PARIS
L’opérateur public des monuments nationaux accélère sa recherche de polyvalence pour mieux répondre aux attentes d’une société en crise, mais aussi pour élargir ses sources de recettes.
Il y a deux ans, le Centre des monuments nationaux (CMN) sortait de l’année 2019 meurtri par le mouvement des « gilets jaunes » et l’incendie de Notre-Dame de Paris, mais avec le sourire : 2020 devait être un tournant pour l’établissement public, avec l’ouverture d’un nouveau fleuron, l’hôtel de la Marine.

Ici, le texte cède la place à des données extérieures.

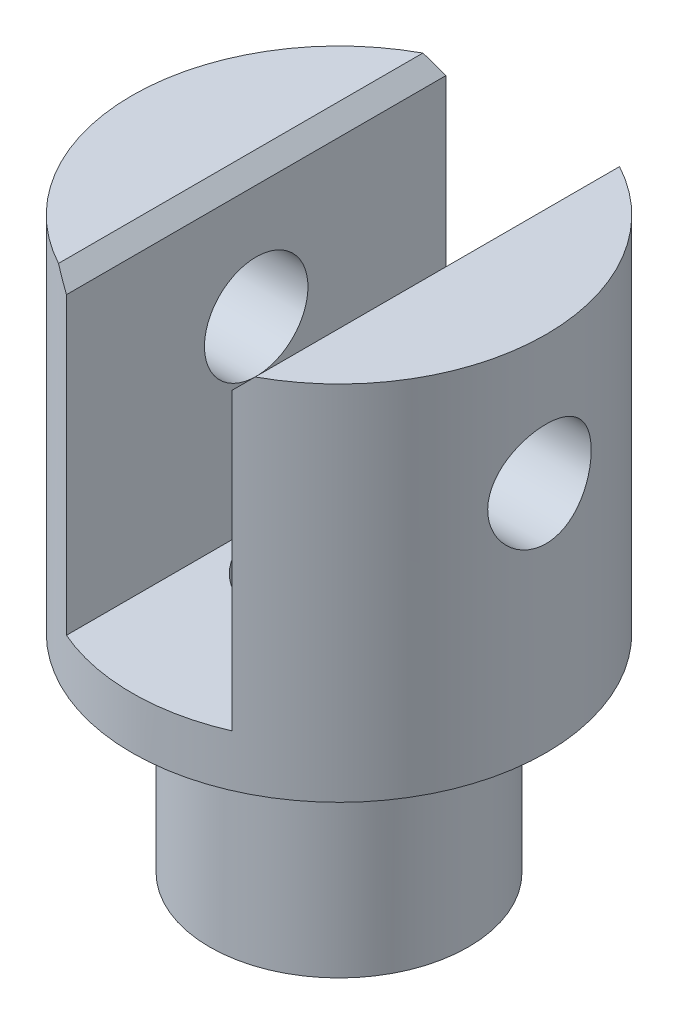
ISO-10303-21;
HEADER;
FILE_DESCRIPTION(('STEP AP214'),'2;1');
FILE_NAME('part.step','',(''),(''),'','','');
FILE_SCHEMA(('AUTOMOTIVE_DESIGN { 1 0 10303 214 1 1 1 1 }'));
ENDSEC;
DATA;
#1=APPLICATION_CONTEXT('core data for automotive mechanical design processes');
#2=APPLICATION_PROTOCOL_DEFINITION('international standard','automotive_design',2000,#1);
#3=PRODUCT_CONTEXT('',#1,'mechanical');
#4=PRODUCT('Part','Part','',(#3));
#5=PRODUCT_RELATED_PRODUCT_CATEGORY('part','',(#4));
#6=PRODUCT_DEFINITION_FORMATION('','',#4);
#7=PRODUCT_DEFINITION_CONTEXT('part definition',#1,'design');
#8=PRODUCT_DEFINITION('design','',#6,#7);
#9=PRODUCT_DEFINITION_SHAPE('','',#8);
#10=(LENGTH_UNIT() NAMED_UNIT(*) SI_UNIT(.MILLI.,.METRE.));
#11=(NAMED_UNIT(*) PLANE_ANGLE_UNIT() SI_UNIT($,.RADIAN.));
#12=(NAMED_UNIT(*) SI_UNIT($,.STERADIAN.) SOLID_ANGLE_UNIT());
#13=UNCERTAINTY_MEASURE_WITH_UNIT(LENGTH_MEASURE(1.E-05),#10,'distance_accuracy_value','');
#14=(GEOMETRIC_REPRESENTATION_CONTEXT(3) GLOBAL_UNCERTAINTY_ASSIGNED_CONTEXT((#13)) GLOBAL_UNIT_ASSIGNED_CONTEXT((#10,
#11,#12)) REPRESENTATION_CONTEXT('',''));
#15=CARTESIAN_POINT('',(0.,0.,0.));
#16=DIRECTION('',(0.,0.,1.));
#17=DIRECTION('',(1.,0.,0.));
#18=AXIS2_PLACEMENT_3D('',#15,#16,#17);
#19=CARTESIAN_POINT('',(0.,7.,0.));
#20=DIRECTION('',(0.,1.,0.));
#21=DIRECTION('',(0.,0.,1.));
#22=AXIS2_PLACEMENT_3D('',#19,#20,#21);
#23=PLANE('',#22);
#24=CARTESIAN_POINT('',(0.,7.,0.));
#25=DIRECTION('',(0.,1.,0.));
#26=DIRECTION('',(0.,0.,1.));
#27=AXIS2_PLACEMENT_3D('',#24,#25,#26);
#28=CIRCLE('',#27,4.);
#29=CARTESIAN_POINT('',(1.9,7.,3.51994318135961));
#30=VERTEX_POINT('',#29);
#31=CARTESIAN_POINT('',(1.9,7.,-3.51994318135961));
#32=VERTEX_POINT('',#31);
#33=EDGE_CURVE('E128',#30,#32,#28,.T.);
#34=ORIENTED_EDGE('',*,*,#33,.T.);
#35=DIRECTION('',(0.,0.,1.));
#36=VECTOR('',#35,1.);
#37=CARTESIAN_POINT('',(1.9,7.,3.66606055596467));
#38=LINE('',#37,#36);
#39=EDGE_CURVE('E11',#32,#30,#38,.T.);
#40=ORIENTED_EDGE('',*,*,#39,.T.);
#41=EDGE_LOOP('',(#34,#40));
#42=FACE_BOUND('',#41,.T.);
#43=ADVANCED_FACE('F34',(#42),#23,.T.);
#44=CARTESIAN_POINT('',(0.,7.,0.));
#45=DIRECTION('',(0.,-1.,0.));
#46=DIRECTION('',(0.,0.,-1.));
#47=AXIS2_PLACEMENT_3D('',#44,#45,#46);
#48=CYLINDRICAL_SURFACE('',#47,4.);
#49=CARTESIAN_POINT('',(4.,3.50000000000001,0.));
#50=CARTESIAN_POINT('',(3.99999906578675,3.50000155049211,0.0552507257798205));
#51=CARTESIAN_POINT('',(3.99884385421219,3.50459436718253,0.110518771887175));
#52=CARTESIAN_POINT('',(3.99434742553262,3.52281676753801,0.219470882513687));
#53=CARTESIAN_POINT('',(3.99100496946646,3.53645147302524,0.273154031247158));
#54=CARTESIAN_POINT('',(3.98250417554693,3.5722928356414,0.377347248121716));
#55=CARTESIAN_POINT('',(3.97734801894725,3.59448919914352,0.427861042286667));
#56=CARTESIAN_POINT('',(3.96576895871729,3.64678759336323,0.524448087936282));
#57=CARTESIAN_POINT('',(3.95934601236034,3.67688989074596,0.570521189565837));
#58=CARTESIAN_POINT('',(3.94578275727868,3.74480052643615,0.657867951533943));
#59=CARTESIAN_POINT('',(3.93863138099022,3.78274104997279,0.699037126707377));
#60=CARTESIAN_POINT('',(3.92449080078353,3.86496813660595,0.774499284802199));
#61=CARTESIAN_POINT('',(3.91750161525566,3.90925541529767,0.808791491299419));
#62=CARTESIAN_POINT('',(3.9043651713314,4.00373015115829,0.87001769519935));
#63=CARTESIAN_POINT('',(3.89823196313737,4.05399548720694,0.896834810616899));
#64=CARTESIAN_POINT('',(3.88766329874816,4.15849894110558,0.94159793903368));
#65=CARTESIAN_POINT('',(3.88322757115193,4.21273642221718,0.959545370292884));
#66=CARTESIAN_POINT('',(3.87666984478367,4.32249566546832,0.985703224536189));
#67=CARTESIAN_POINT('',(3.87450327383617,4.37796993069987,0.994101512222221));
#68=CARTESIAN_POINT('',(3.87259575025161,4.48957904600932,1.00150785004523));
#69=CARTESIAN_POINT('',(3.87285440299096,4.54571378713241,1.00051742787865));
#70=CARTESIAN_POINT('',(3.87572803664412,4.65561053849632,0.989324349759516));
#71=CARTESIAN_POINT('',(3.87828575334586,4.70939708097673,0.979345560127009));
#72=CARTESIAN_POINT('',(3.88537806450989,4.81450736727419,0.950816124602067));
#73=CARTESIAN_POINT('',(3.88991279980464,4.86583093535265,0.932264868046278));
#74=CARTESIAN_POINT('',(3.90050075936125,4.96515867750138,0.886926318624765));
#75=CARTESIAN_POINT('',(3.90656884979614,5.01312411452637,0.86005777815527));
#76=CARTESIAN_POINT('',(3.91953140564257,5.10394580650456,0.798904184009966));
#77=CARTESIAN_POINT('',(3.9264260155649,5.14680116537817,0.764617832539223));
#78=CARTESIAN_POINT('',(3.94050587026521,5.2274690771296,0.688442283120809));
#79=CARTESIAN_POINT('',(3.94769379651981,5.26510299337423,0.64636417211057));
#80=CARTESIAN_POINT('',(3.96137310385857,5.3328141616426,0.556407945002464));
#81=CARTESIAN_POINT('',(3.96786446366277,5.36289118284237,0.508529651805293));
#82=CARTESIAN_POINT('',(3.97945154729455,5.41470039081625,0.408077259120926));
#83=CARTESIAN_POINT('',(3.9845424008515,5.43640356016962,0.355487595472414));
#84=CARTESIAN_POINT('',(3.99271944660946,5.47061153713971,0.247250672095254));
#85=CARTESIAN_POINT('',(3.99580602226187,5.48311810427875,0.191603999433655));
#86=CARTESIAN_POINT('',(3.9995699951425,5.49830504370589,0.0803599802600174));
#87=CARTESIAN_POINT('',(4.00030702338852,5.5012286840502,0.0247978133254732));
#88=CARTESIAN_POINT('',(3.999458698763,5.49783399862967,-0.0860219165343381));
#89=CARTESIAN_POINT('',(3.99787355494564,5.49151650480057,-0.141279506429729));
#90=CARTESIAN_POINT('',(3.99259720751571,5.47001939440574,-0.249076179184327));
#91=CARTESIAN_POINT('',(3.98893756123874,5.45497249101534,-0.301643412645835));
#92=CARTESIAN_POINT('',(3.97992471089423,5.41659527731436,-0.403504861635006));
#93=CARTESIAN_POINT('',(3.97457133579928,5.39326413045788,-0.452798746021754));
#94=CARTESIAN_POINT('',(3.96262205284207,5.33850924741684,-0.547682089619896));
#95=CARTESIAN_POINT('',(3.95600578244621,5.30694925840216,-0.593190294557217));
#96=CARTESIAN_POINT('',(3.94229672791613,5.23680672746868,-0.678351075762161));
#97=CARTESIAN_POINT('',(3.93520386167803,5.19822297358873,-0.718002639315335));
#98=CARTESIAN_POINT('',(3.92112637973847,5.11399869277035,-0.791327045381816));
#99=CARTESIAN_POINT('',(3.91414869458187,5.06820819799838,-0.824829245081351));
#100=CARTESIAN_POINT('',(3.90128585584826,4.97151157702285,-0.883673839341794));
#101=CARTESIAN_POINT('',(3.89540065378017,4.92060567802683,-0.909016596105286));
#102=CARTESIAN_POINT('',(3.88545396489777,4.81539618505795,-0.95063428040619));
#103=CARTESIAN_POINT('',(3.88138170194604,4.76111491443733,-0.966962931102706));
#104=CARTESIAN_POINT('',(3.87551162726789,4.65046024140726,-0.990230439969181));
#105=CARTESIAN_POINT('',(3.87371331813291,4.59408729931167,-0.997171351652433));
#106=CARTESIAN_POINT('',(3.87263267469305,4.48258598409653,-1.00135906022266));
#107=CARTESIAN_POINT('',(3.87327955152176,4.42746837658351,-0.998878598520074));
#108=CARTESIAN_POINT('',(3.87685272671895,4.31846407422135,-0.984918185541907));
#109=CARTESIAN_POINT('',(3.87977897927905,4.26457735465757,-0.973438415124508));
#110=CARTESIAN_POINT('',(3.88754173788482,4.15986102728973,-0.941954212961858));
#111=CARTESIAN_POINT('',(3.89236676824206,4.10901512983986,-0.922000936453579));
#112=CARTESIAN_POINT('',(3.90338503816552,4.01135641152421,-0.874176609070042));
#113=CARTESIAN_POINT('',(3.90957846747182,3.96454415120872,-0.846304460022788));
#114=CARTESIAN_POINT('',(3.92283756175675,3.87496358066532,-0.78257849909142));
#115=CARTESIAN_POINT('',(3.92992176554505,3.83233261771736,-0.7465354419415));
#116=CARTESIAN_POINT('',(3.94405351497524,3.75363530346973,-0.667859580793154));
#117=CARTESIAN_POINT('',(3.95110105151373,3.71757051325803,-0.625225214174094));
#118=CARTESIAN_POINT('',(3.96451770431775,3.65239246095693,-0.533645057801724));
#119=CARTESIAN_POINT('',(3.97087222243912,3.62341692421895,-0.484598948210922));
#120=CARTESIAN_POINT('',(3.98203283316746,3.57416835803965,-0.382177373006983));
#121=CARTESIAN_POINT('',(3.98684003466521,3.55388909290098,-0.328805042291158));
#122=CARTESIAN_POINT('',(3.99365373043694,3.52561877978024,-0.229606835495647));
#123=CARTESIAN_POINT('',(3.9960172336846,3.51603250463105,-0.184253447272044));
#124=CARTESIAN_POINT('',(3.99919070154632,3.50322270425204,-0.0926040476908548));
#125=CARTESIAN_POINT('',(4.00000078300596,3.49999870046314,-0.0463081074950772));
#126=CARTESIAN_POINT('',(4.,3.50000000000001,0.));
#127=B_SPLINE_CURVE_WITH_KNOTS('',3,(#49,#50,#51,#52,#53,#54,#55,#56,#57,#58,#59,#60,#61,#62,
#63,#64,#65,#66,#67,#68,#69,#70,#71,#72,#73,#74,#75,#76,#77,#78,#79,#80,#81,#82,#83,#84,#85,#86,
#87,#88,#89,#90,#91,#92,#93,#94,#95,#96,#97,#98,#99,#100,#101,#102,#103,#104,#105,#106,#107,
#108,#109,#110,#111,#112,#113,#114,#115,#116,#117,#118,#119,#120,#121,#122,#123,#124,#125,#126),
.UNSPECIFIED.,.T.,.F.,(4,2,2,2,2,2,2,2,2,2,2,2,2,2,2,2,2,2,2,2,2,2,2,2,2,2,2,2,2,2,2,2,2,2,2,2,
2,2,4),(0.,0.165582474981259,0.331258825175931,0.496736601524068,0.662219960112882,
0.830762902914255,0.999324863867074,1.17039098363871,1.34142974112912,1.50904196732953,
1.6766269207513,1.84014998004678,2.00368468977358,2.16887018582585,2.33408460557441,
2.50401000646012,2.67394059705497,2.84445486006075,3.0149364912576,3.18105539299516,
3.3471593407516,3.51080183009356,3.67446084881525,3.84102391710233,4.00761575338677,
4.17829672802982,4.3489701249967,4.51861503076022,4.68822282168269,4.85295853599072,
5.01769093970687,5.18144267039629,5.34521712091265,5.51326384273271,5.68135046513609,
5.85248123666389,6.0234890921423,6.1622816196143,6.30106370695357),.UNSPECIFIED.);
#128=CARTESIAN_POINT('',(4.,3.50000000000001,0.));
#129=VERTEX_POINT('',#128);
#130=EDGE_CURVE('E140',#129,#129,#127,.T.);
#131=ORIENTED_EDGE('',*,*,#130,.T.);
#132=EDGE_LOOP('',(#131));
#133=FACE_BOUND('',#132,.T.);
#134=CARTESIAN_POINT('',(-3.87298334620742,4.5,0.999999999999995));
#135=CARTESIAN_POINT('',(-3.87298440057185,4.44477969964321,0.999998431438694));
#136=CARTESIAN_POINT('',(-3.87417722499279,4.38954204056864,0.995410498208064));
#137=CARTESIAN_POINT('',(-3.87880744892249,4.28065296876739,0.977209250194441));
#138=CARTESIAN_POINT('',(-3.88224615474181,4.22700249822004,0.963590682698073));
#139=CARTESIAN_POINT('',(-3.89095489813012,4.12287858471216,0.92779647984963));
#140=CARTESIAN_POINT('',(-3.8962225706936,4.07240113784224,0.905631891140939));
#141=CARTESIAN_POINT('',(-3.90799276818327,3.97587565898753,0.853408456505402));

Trois confinements sanitaires plus tard, Philippe Bélaval, président de l’établissement, voit également en 2022 une « année charnière », mais pour une tout autre raison : « La crise que nous continuons de traverser provoque un certain nombre d’évolutions profondes dans les mentalités de nos contemporains ; on assiste à une véritable mutation sociale. […] La crise sanitaire apparaît comme ayant un effet de dispersion, de fragmentation de la société, […] et les difficultés de pouvoir d’achat ne vont pas manquer d’aggraver cela », analyse-t-il lors de la conférence de presse annuelle tenue en ligne le 25 janvier.
Le ton est inhabituellement grave pour ce rendez-vous traditionnel de début d’année, qui consiste d’ordinaire à faire le point sur la fréquentation des sites du CMN et à présenter les grands projets d’ouverture de l’année à venir. Philippe Bélaval ne s’appesantit pas sur le nombre des entrées – évidemment insuffisants pour l’établissement privé des touristes internationaux –, tant les motifs de satisfaction sont maigres – les bons débuts de l’hôtel de la Marine malgré la crise, et une progression générale de 35 % par rapport à 2020, très loin encore des 10 millions de visiteurs en 2018 et 2019
À peine évoque-t-il le château de Villers-Cotterêts (Aisne), l’ouverture-événement du CMN cette année : l’expérience de l’hôtel de la Marine, dont l’inauguration a été retardée d’un an, invite à la prudence. Début janvier, les mauvaises surprises du chantier de restauration repoussaient déjà l’ouverture de la Cité de la langue française – fixée initialement en mars – à l’automne prochain. S’il évoque ce chantier, surveillé de près par le président de la République, c’est pour mettre en lumière un exemple qui « illustre parfaitement cette stratégie de dynamisation d’un territoire en difficulté de tous ordres, à 70 kilomètres de Paris ».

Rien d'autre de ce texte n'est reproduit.